I am not discrediting their passion towards aquascaping, and I appreciate their passion in what they do, but their is a emotional quality that is lacking. 

Sorry, man, but I can't call it anything better than an passionate hobby, in all honesty.


----------



## gnatster (Mar 6, 2004)

Art, in its broadest meaning, is the expression of creativity or imagination, or both.

A hobby is a spare-time recreational pursuit.

For those of us that are not making a living aquascaping then we can probably define that the hobby we persue is art.


----------



## DonaldmBoyer (Aug 18, 2005)

Interesting.....found in Webster's dictionary:

Art-creativity of man as distinguished FROM the world of nature.
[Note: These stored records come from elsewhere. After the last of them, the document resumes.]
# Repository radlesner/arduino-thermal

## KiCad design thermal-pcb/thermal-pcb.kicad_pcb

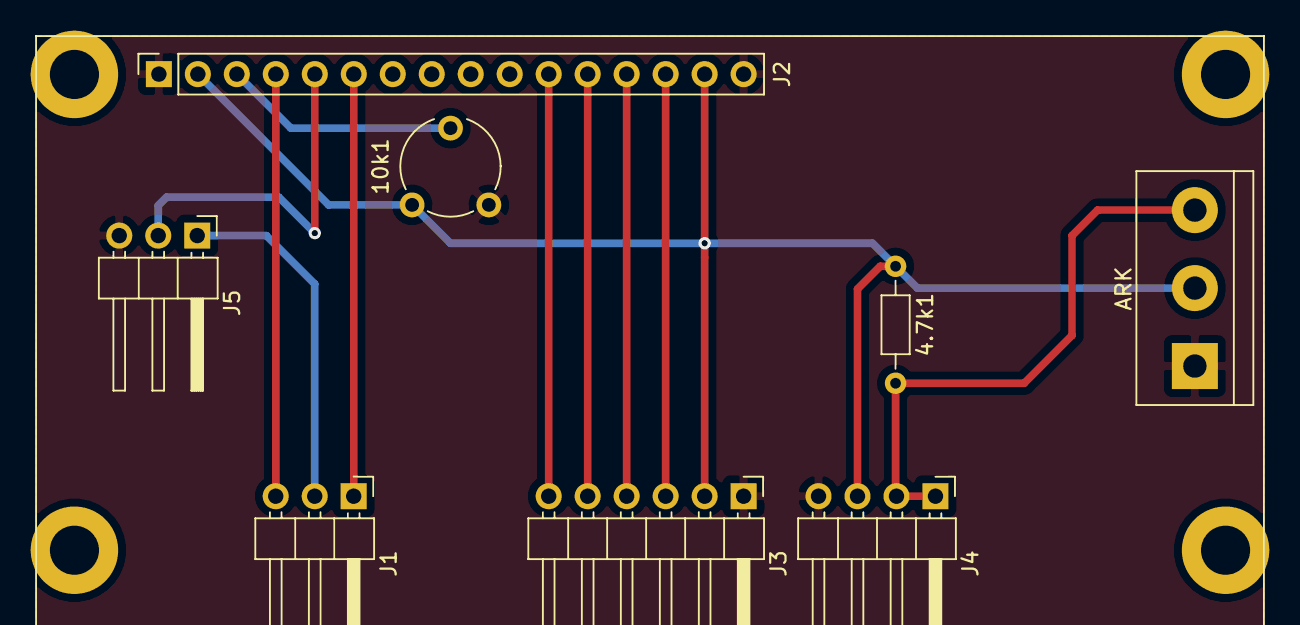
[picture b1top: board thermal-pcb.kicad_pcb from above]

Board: 2 copper layers, 8 parts (0 on the bottom side), 12 nets.

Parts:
4.7k1: R; R_Axial_DIN0204_L3.6mm_D1.6mm_P7.62mm_Horizontal
10k1: R_POT; Potentiometer_Piher_PT-6-V_Vertical
ARK: TerminalBlock_bornier-3_P5.08mm
J1: RS/E pins; PinHeader_1x03_P2.54mm_Horizontal
J2: Conn_01x16_Female; PinSocket_1x16_P2.54mm_Vertical
J3: Data and power pins; PinHeader_1x06_P2.54mm_Horizontal
J4: Temp sensor pins; PinHeader_1x04_P2.54mm_Horizontal
J5: Switch RW; PinHeader_1x03_P2.54mm_Horizontal

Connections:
+5V: 4.7k1.1, 10k1.3, ARK.2, J2.2, J2.15, J3.2, J4.3
GND: 10k1.1, ARK.1, J2.1, J2.16, J3.16, J4.4, J5.3
unnamed: 4.7k1.2, ARK.3, J4.1, J4.2
unnamed: 10k1.2, J2.3
unnamed: J1.3, J2.4
unnamed: J1.2, J5.1
unnamed: J1.1, J2.6
unnamed: J2.5, J5.2
unnamed: J2.11, J3.6
unnamed: J2.12, J3.5
unnamed: J2.13, J3.4
unnamed: J2.14, J3.3

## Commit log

2020-11-24 Create repository.
2020-11-25 Added more information in serial output.
2020-11-25 Organize files in repo.
2020-11-28 Refactor of code.
2020-11-29 Added ethernet shield implementation.
2020-11-29 Cleaning code.
2020-11-29 Improved serial output.
2020-11-29 Remove unnecessary comments. Add new ones as needed in the future.
2020-12-06 Added KiCad project PCB.
2020-12-07 Update PCB sheme.
2020-12-08 PCB track width has been updated.
2020-12-09 Updated PCB sheme.
2020-12-16 Update PCB scheme.
2020-12-22 Update PCB sheme (Stage I Complete)
2023-04-04 Update arduino-thermal.ino and cumulative update
2023-05-28 v0.2 - Added support for several DS18B20 sensors, the program displays the values in degrees Celsius on the LCD screen.
2023-06-01 Code fixes and comments
2023-06-01 Added basic button (in progres)
2023-06-01 Update arduino.json.
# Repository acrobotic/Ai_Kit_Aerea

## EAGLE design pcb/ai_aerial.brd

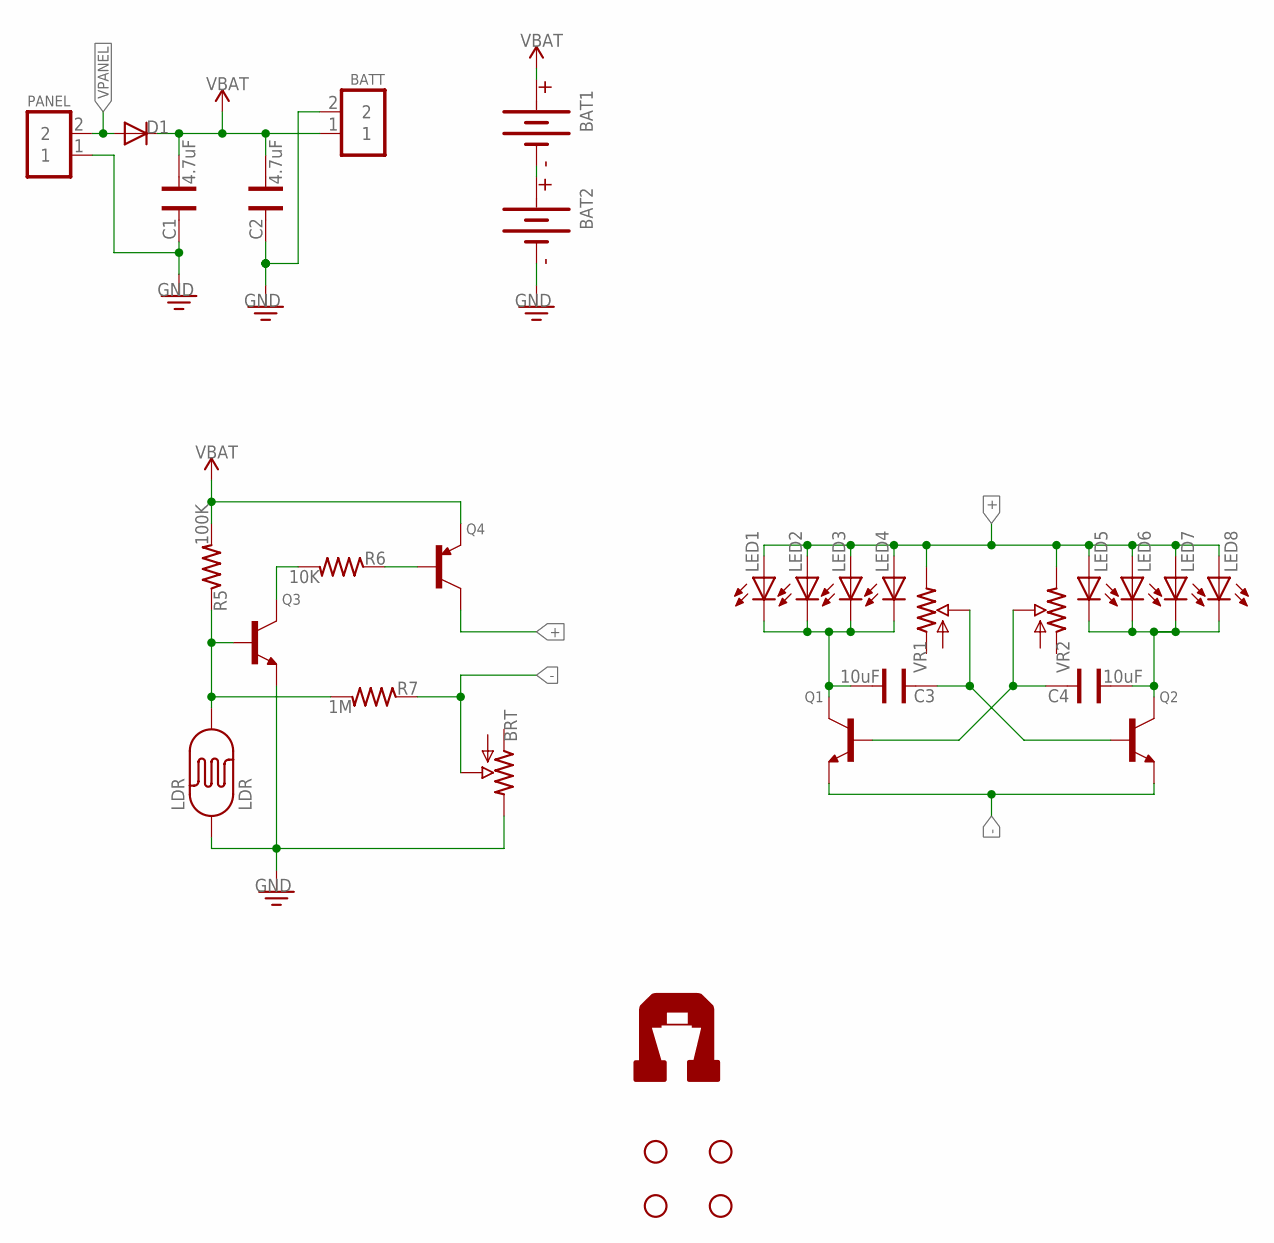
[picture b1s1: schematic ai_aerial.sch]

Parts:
BAT1, BAT2: BATTERY-HOLDER; BATTERY-AAA
BATT: 1X02ST; 1X02-ST
BRT: POT05X05; POT-05X05
C1, C2: 4.7uF; CAP-025X050
C3, C4: 10uF; CAP-025X050
D1: DIODETH-1N914; TH-1N914
LDR: LDR-PTH; LDR
LED1, LED2, LED3, LED4, LED5, LED6, LED7, LED8: LED5MM; LED-5MM
PANEL: 1X02ST; 1X02-ST
Q1, Q2, Q3: TRANSISTOR-NPN; TO-92-NPN
Q4: TRANSISTOR-PNP; TO-92-PNP
R5: 100K; RES-AXIAL-0.4
R6: 10K; RES-AXIAL-0.4
R7: 1M; RES-AXIAL-0.4
STANDOFF1, STANDOFF2, STANDOFF3, STANDOFF4: STAND-OFF
U$4: AI-LOGOM; AI-LOGO-M
VR1, VR2: POT05X05; POT-05X05

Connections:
+: LED1.A, LED2.A, LED3.A, LED4.A, LED5.A, LED6.A, LED7.A, LED8.A, Q4.1 (C), VR1.1 (E), VR2.1 (E)
-: BRT.2 (S), Q1.1 (E), Q2.1 (E), R7.P$1 (1)
GND: BAT2.GND@1 (-), BAT2.GND@2 (-), BATT.2, BRT.1 (E), C1.2, C2.2, LDR.1, PANEL.1, Q3.1 (E)
unnamed: BAT1.GND@1 (-), BAT1.GND@2 (-), BAT2.PWR@1 (+), BAT2.PWR@2 (+)
unnamed: C4.1, LED5.C, LED6.C, LED7.C, LED8.C, Q2.3 (C)
unnamed: C3.2, Q2.2 (B), VR1.2 (S)
unnamed: C4.2, Q1.2 (B), VR2.2 (S)
unnamed: LDR.2, Q3.2 (B), R5.P$1 (1), R7.P$2 (2)
unnamed: Q3.3 (C), R6.P$2 (2)
unnamed: Q4.2 (B), R6.P$1 (1)
unnamed: C3.1, LED1.C, LED2.C, LED3.C, LED4.C, Q1.3 (C)
VBAT: BAT1.PWR@1 (+), BAT1.PWR@2 (+), BATT.1, C1.1, C2.1, D1.C, Q4.3 (E), R5.P$2 (2)
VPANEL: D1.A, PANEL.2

By definition, then, aquascaping cannot be art because it involves the direct manipulation of nature.

Sorry!


----------



## DonaldmBoyer (Aug 18, 2005)

Also from Webster's:

Hobby-something that one likes to do or study in one's spare time; favorite pastime or avocation. RIDE A HOBBY-to be excessively devoted to one's favorite pastime or subject.


----------



## gnatster (Mar 6, 2004)

donaldmboyer said:


> Interesting.....found in Webster's dictionary:
> 
> Art-creativity of man as distinguished FROM the world of nature.
> 
> ...


Define Nature then. The way we creativly use objects of nature and combine them is generally not found in nature. We may strive to have a natural look but nature it is not.


----------



## Dewmazz (Sep 6, 2005)

I wish there was some sort of edu-muh-cay-shin I could get to turn my hobby _into_ a career via art or art classes. I like to think of planted aquariums as "living murals." I guess I'll just have to keep practicing...


----------



## trenac (Jul 16, 2004)

greenmiddlefinger said:


> Trenac-- it's not making a big deal out of nothing. It really matters-- in terms of what shape it will take in the future.
> 
> You say just enjoy and have fun-- but that's because you are just a hobbyist.
> 
> ...


Just because I don't view aquascaping as you do, does not mean that I have no ambition or no desire to achieve excellence in what I create.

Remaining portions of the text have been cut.